*TASK TO CARRY OUT*:
Pictures in the entries below are to be left out; otherwise, reproduce exactly the lines from the first through the line containing "alike) : InportShadow".

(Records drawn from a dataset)
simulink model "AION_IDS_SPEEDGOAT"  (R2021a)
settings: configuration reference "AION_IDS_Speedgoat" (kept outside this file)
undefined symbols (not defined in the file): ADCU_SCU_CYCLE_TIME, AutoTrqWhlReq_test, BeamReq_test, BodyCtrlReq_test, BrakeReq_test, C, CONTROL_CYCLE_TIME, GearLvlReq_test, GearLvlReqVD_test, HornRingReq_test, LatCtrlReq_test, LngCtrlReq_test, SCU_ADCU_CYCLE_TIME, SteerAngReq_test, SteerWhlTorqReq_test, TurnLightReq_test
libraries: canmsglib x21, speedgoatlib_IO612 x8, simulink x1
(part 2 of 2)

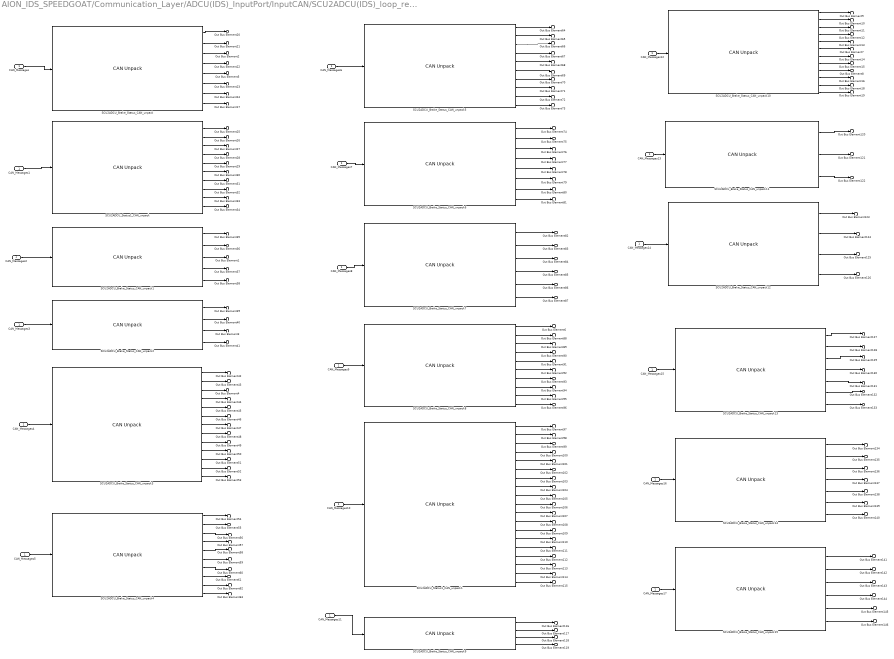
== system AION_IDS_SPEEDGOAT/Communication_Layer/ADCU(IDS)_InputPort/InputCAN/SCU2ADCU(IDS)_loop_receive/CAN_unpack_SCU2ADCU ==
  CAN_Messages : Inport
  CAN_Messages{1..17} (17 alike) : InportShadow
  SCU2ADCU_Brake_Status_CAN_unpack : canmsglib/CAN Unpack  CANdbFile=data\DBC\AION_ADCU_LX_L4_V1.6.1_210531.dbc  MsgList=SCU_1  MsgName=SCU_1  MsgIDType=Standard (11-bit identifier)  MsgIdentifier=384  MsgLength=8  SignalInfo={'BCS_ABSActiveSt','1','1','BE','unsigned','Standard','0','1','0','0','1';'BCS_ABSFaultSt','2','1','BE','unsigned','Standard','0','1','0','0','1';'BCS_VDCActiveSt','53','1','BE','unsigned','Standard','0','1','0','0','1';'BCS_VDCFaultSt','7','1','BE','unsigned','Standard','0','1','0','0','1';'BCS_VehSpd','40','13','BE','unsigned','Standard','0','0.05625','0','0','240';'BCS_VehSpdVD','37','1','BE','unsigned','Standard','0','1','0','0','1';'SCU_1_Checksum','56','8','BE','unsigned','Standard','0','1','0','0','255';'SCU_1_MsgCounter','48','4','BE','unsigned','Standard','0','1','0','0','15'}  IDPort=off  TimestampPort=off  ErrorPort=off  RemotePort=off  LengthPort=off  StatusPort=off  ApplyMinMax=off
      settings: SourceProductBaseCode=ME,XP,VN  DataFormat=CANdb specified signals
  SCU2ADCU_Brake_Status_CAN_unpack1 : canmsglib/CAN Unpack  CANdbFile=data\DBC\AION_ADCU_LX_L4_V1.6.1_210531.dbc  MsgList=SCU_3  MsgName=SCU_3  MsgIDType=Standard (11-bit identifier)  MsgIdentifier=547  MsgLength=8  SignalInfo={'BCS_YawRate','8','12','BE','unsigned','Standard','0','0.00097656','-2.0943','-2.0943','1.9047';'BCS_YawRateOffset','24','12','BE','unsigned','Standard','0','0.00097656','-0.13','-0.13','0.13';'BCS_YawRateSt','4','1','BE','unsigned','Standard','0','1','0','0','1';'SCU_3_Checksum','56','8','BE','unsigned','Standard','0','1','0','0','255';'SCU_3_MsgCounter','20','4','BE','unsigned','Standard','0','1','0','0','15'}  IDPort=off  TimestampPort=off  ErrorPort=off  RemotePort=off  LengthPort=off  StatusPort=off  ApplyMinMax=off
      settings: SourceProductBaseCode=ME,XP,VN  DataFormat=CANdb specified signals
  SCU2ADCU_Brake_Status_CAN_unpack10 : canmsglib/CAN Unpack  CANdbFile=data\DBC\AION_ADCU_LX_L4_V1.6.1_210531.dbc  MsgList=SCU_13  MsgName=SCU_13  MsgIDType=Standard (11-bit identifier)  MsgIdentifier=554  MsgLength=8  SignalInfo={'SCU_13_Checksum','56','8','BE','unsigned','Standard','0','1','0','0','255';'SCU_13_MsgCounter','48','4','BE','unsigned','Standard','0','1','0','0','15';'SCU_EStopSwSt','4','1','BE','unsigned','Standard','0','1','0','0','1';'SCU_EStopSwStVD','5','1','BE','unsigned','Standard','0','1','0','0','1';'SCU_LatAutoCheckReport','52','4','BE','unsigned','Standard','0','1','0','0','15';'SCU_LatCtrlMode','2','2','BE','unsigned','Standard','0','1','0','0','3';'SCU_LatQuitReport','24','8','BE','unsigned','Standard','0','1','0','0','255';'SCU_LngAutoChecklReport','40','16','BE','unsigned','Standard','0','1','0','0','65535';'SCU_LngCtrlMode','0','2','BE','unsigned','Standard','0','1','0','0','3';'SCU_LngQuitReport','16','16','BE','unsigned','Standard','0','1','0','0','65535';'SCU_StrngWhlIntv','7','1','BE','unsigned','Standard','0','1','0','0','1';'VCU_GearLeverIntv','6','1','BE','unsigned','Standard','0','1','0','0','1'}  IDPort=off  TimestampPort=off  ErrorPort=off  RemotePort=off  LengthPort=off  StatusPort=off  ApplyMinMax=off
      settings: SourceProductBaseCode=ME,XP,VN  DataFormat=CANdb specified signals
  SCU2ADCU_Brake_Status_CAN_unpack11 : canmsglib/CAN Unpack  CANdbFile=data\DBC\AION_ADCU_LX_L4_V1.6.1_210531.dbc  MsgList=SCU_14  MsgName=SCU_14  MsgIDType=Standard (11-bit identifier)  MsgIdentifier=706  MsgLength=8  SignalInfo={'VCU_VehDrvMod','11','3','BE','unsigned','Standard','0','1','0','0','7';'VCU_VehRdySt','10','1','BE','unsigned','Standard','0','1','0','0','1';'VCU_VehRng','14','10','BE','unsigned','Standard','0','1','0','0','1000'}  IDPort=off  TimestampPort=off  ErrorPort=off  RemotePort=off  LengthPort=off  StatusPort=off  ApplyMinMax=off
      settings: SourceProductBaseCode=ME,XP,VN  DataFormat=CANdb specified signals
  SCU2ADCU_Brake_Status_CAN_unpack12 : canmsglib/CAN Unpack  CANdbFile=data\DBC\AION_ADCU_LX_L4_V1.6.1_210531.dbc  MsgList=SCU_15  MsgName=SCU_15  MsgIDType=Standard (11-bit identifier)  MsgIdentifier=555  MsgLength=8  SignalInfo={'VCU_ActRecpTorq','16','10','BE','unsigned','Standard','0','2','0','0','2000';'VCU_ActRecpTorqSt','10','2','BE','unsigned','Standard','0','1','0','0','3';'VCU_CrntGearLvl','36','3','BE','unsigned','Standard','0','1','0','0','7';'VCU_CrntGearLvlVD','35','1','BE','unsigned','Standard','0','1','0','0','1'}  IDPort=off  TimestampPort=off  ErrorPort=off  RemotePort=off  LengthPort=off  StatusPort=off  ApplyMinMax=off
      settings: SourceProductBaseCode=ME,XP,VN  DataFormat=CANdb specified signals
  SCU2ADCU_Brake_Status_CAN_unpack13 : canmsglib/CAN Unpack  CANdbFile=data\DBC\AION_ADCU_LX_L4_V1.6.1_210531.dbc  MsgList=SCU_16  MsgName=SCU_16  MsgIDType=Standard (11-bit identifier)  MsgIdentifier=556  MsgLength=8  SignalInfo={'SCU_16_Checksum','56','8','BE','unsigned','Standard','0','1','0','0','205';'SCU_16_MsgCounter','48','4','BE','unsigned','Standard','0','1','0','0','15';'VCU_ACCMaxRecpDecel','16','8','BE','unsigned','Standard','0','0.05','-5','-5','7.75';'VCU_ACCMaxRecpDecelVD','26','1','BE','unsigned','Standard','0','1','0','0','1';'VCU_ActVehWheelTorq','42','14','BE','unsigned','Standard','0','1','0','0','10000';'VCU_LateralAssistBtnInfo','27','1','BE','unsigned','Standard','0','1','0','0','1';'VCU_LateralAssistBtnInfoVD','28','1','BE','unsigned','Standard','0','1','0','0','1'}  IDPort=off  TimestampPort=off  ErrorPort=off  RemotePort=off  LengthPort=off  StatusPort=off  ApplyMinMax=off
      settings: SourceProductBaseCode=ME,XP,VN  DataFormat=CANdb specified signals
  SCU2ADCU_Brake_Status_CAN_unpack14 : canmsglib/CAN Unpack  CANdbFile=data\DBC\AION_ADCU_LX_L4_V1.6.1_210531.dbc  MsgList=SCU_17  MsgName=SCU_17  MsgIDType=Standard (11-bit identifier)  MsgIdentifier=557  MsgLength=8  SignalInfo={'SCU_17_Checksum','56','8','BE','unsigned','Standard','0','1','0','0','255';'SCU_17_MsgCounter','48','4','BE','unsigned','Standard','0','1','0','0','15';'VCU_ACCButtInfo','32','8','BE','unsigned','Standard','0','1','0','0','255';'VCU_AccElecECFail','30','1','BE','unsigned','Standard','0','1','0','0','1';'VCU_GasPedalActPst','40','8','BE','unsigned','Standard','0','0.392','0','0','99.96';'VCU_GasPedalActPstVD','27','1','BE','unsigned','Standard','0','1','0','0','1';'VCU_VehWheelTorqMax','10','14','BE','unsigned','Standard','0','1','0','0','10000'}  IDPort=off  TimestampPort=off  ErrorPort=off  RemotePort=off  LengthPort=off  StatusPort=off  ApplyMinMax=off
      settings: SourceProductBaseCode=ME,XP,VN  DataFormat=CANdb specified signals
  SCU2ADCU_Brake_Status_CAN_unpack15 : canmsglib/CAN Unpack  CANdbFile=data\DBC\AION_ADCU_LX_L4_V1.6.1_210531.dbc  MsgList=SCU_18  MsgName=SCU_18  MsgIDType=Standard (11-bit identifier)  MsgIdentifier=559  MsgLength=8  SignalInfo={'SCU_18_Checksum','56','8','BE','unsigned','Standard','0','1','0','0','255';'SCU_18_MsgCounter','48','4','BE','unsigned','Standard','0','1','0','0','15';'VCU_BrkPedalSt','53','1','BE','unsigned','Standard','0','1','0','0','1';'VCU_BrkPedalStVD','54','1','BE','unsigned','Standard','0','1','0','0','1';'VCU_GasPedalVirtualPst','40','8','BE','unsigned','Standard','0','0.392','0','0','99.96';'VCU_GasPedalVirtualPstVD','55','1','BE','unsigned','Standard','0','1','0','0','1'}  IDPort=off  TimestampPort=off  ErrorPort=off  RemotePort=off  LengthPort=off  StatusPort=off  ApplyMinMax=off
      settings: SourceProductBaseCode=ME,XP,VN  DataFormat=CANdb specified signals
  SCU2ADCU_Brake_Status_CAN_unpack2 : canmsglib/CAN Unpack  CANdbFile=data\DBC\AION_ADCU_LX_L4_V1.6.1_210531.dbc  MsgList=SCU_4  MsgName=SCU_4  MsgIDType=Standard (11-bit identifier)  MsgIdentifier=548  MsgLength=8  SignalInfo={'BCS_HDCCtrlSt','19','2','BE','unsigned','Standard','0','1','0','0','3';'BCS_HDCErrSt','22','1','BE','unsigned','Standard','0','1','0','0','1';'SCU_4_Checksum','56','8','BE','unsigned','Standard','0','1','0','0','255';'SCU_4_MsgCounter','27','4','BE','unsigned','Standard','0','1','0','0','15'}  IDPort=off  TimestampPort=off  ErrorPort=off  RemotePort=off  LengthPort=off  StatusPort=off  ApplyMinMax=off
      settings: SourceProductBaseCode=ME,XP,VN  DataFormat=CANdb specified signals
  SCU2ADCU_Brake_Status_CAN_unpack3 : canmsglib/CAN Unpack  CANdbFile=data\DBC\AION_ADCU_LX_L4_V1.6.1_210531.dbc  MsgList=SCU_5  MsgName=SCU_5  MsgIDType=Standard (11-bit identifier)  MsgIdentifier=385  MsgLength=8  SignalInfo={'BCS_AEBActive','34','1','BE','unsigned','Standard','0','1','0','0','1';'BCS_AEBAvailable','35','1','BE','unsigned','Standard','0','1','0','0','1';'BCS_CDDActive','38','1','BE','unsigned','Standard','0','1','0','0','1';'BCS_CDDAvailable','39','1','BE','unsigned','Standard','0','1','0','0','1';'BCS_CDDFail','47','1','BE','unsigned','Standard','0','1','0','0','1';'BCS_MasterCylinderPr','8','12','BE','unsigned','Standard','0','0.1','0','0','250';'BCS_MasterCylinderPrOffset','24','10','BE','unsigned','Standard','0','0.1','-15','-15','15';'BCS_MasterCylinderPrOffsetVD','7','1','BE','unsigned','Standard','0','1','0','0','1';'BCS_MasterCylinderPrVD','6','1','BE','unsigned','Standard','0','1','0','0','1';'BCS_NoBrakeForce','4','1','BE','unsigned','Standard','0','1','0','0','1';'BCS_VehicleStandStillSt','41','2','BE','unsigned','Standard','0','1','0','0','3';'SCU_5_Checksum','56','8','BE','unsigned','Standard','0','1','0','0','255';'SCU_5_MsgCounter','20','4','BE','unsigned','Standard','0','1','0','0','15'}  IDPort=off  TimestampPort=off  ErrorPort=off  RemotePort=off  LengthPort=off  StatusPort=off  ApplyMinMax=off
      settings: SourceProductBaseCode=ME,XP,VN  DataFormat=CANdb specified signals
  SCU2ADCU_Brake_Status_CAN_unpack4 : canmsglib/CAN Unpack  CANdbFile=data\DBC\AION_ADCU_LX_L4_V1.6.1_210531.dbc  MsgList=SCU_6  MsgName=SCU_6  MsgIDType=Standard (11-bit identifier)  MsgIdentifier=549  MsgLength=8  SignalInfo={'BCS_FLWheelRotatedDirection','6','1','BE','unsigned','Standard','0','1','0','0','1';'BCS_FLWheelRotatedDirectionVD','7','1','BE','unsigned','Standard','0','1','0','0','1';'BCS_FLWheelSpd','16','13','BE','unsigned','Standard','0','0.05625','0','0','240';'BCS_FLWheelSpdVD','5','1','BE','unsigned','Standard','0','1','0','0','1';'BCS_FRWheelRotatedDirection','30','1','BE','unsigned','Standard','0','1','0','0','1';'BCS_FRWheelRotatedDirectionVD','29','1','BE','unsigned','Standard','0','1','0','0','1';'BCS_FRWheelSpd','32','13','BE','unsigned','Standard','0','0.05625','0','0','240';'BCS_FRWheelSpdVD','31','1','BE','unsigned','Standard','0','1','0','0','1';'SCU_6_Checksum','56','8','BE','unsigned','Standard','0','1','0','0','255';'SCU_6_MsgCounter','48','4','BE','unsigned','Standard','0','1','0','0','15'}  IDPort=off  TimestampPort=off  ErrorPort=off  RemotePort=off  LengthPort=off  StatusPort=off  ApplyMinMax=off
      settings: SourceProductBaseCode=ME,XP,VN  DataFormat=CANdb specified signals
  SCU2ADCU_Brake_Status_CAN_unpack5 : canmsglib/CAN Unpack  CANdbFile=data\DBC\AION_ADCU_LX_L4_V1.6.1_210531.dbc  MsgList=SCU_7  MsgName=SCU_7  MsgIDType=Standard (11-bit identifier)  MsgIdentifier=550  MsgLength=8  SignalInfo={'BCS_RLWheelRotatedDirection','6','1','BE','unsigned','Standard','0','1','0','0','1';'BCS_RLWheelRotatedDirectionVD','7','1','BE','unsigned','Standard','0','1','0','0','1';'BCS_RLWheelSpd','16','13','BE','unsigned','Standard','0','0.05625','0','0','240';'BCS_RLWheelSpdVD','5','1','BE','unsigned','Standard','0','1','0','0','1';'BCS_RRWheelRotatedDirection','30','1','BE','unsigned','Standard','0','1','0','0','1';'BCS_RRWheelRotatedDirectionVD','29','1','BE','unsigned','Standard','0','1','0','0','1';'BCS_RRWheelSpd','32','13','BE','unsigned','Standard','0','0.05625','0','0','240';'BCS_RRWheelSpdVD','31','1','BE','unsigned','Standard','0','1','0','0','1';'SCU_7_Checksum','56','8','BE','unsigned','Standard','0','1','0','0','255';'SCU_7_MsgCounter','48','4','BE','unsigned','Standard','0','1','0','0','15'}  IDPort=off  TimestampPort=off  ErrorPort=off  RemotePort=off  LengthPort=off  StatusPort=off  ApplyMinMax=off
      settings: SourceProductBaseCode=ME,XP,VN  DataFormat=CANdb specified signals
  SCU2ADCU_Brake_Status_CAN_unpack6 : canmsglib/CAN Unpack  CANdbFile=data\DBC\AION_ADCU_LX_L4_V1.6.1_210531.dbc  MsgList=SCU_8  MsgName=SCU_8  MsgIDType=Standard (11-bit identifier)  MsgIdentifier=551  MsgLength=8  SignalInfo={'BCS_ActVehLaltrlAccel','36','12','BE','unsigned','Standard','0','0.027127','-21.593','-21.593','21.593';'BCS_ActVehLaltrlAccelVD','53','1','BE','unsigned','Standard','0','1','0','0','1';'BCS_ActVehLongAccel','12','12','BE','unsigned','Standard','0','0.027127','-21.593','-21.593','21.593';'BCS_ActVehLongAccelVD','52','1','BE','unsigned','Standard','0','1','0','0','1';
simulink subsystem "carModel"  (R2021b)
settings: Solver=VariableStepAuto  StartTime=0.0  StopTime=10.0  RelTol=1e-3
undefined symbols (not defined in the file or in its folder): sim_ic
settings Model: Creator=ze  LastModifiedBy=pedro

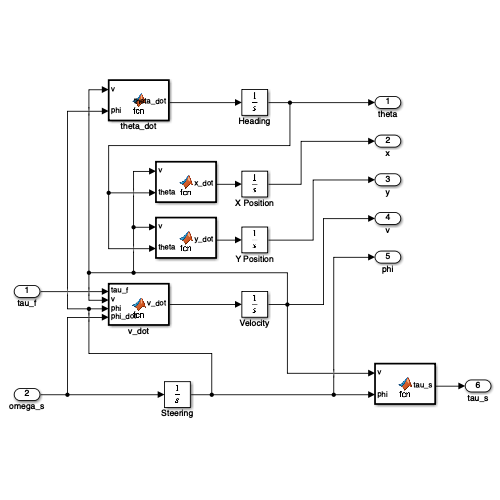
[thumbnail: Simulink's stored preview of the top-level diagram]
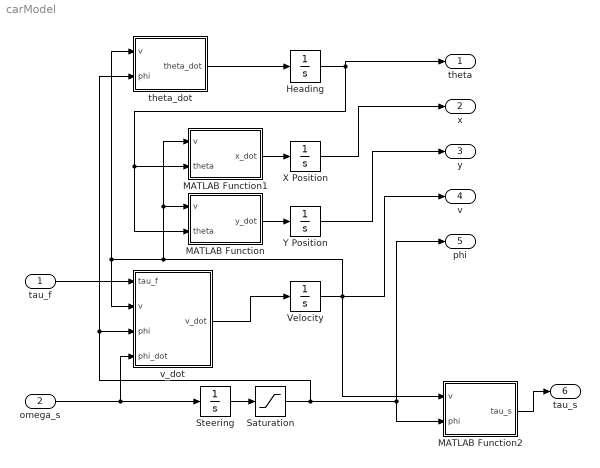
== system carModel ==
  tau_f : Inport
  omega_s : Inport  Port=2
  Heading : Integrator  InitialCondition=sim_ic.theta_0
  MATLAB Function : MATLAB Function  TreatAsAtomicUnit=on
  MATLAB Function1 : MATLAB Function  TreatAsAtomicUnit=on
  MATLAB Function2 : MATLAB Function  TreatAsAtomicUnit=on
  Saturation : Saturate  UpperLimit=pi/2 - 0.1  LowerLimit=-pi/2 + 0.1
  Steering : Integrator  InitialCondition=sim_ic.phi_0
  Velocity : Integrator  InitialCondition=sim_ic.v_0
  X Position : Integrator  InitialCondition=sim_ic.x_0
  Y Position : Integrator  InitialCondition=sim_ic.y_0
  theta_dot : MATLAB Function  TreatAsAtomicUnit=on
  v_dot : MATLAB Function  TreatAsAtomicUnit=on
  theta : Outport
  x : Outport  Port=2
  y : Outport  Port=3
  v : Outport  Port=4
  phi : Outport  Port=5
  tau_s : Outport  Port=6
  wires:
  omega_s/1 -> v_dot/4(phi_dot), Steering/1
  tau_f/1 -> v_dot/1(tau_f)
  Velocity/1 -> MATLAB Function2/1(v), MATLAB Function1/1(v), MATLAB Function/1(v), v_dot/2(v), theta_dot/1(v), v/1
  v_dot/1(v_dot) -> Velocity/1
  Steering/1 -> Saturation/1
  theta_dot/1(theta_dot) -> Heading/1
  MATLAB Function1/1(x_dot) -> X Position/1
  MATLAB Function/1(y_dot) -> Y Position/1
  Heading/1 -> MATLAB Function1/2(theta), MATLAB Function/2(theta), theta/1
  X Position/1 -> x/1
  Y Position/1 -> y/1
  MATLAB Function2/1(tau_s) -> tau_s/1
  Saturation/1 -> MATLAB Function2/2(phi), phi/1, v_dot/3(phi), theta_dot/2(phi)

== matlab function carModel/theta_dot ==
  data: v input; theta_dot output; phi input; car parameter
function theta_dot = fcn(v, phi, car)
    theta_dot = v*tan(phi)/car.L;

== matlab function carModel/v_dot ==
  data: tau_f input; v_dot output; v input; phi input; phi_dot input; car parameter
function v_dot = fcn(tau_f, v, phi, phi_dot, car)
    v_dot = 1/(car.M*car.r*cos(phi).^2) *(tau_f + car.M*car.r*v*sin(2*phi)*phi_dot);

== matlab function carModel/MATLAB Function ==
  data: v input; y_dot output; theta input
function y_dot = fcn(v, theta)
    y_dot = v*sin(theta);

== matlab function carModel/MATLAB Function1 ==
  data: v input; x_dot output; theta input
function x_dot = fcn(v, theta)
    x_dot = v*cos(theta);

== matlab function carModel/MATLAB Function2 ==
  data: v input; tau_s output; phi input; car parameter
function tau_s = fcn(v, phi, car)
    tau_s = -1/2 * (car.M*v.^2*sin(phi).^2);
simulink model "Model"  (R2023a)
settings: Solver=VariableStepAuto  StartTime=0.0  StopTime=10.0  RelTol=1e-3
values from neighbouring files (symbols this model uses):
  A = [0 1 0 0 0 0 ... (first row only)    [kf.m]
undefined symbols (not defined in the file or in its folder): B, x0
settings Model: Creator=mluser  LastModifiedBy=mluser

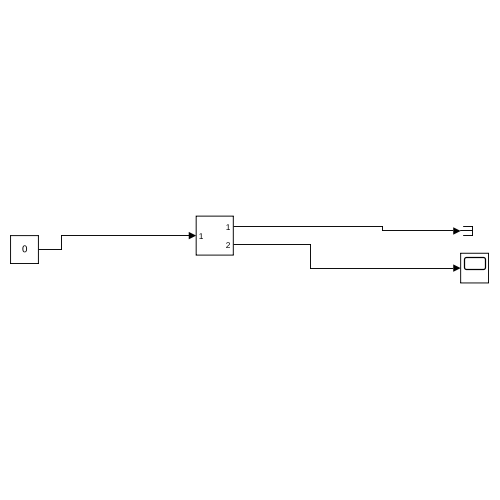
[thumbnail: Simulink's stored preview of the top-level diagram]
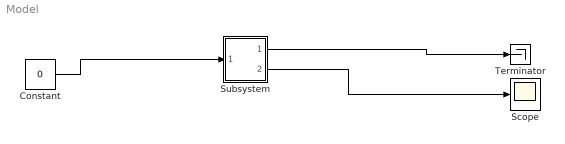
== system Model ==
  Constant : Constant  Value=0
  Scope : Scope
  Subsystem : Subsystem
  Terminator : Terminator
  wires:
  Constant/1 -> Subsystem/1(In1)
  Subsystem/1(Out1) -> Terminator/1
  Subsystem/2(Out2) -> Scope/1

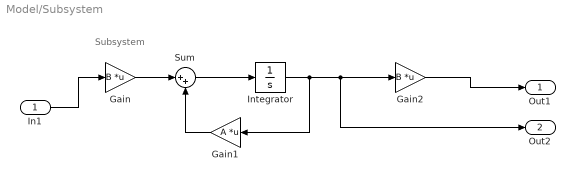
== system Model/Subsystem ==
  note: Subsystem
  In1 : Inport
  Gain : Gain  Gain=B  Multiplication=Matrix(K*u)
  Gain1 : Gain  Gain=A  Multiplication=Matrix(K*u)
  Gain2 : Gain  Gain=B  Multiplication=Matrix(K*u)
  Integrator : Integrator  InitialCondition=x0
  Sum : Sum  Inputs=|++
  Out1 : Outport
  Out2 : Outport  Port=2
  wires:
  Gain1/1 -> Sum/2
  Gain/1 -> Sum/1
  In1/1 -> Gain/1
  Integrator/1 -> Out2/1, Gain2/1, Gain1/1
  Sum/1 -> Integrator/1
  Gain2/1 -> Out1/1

*ANSWER AREA*:
simulink model "AION_IDS_SPEEDGOAT"  (R2021a)
settings: configuration reference "AION_IDS_Speedgoat" (kept outside this file)
undefined symbols (not defined in the file): ADCU_SCU_CYCLE_TIME, AutoTrqWhlReq_test, BeamReq_test, BodyCtrlReq_test, BrakeReq_test, C, CONTROL_CYCLE_TIME, GearLvlReq_test, GearLvlReqVD_test, HornRingReq_test, LatCtrlReq_test, LngCtrlReq_test, SCU_ADCU_CYCLE_TIME, SteerAngReq_test, SteerWhlTorqReq_test, TurnLightReq_test
libraries: canmsglib x21, speedgoatlib_IO612 x8, simulink x1
(part 2 of 2)

== system AION_IDS_SPEEDGOAT/Communication_Layer/ADCU(IDS)_InputPort/InputCAN/SCU2ADCU(IDS)_loop_receive/CAN_unpack_SCU2ADCU ==
  CAN_Messages : Inport
  CAN_Messages{1..17} (17 alike) : InportShadow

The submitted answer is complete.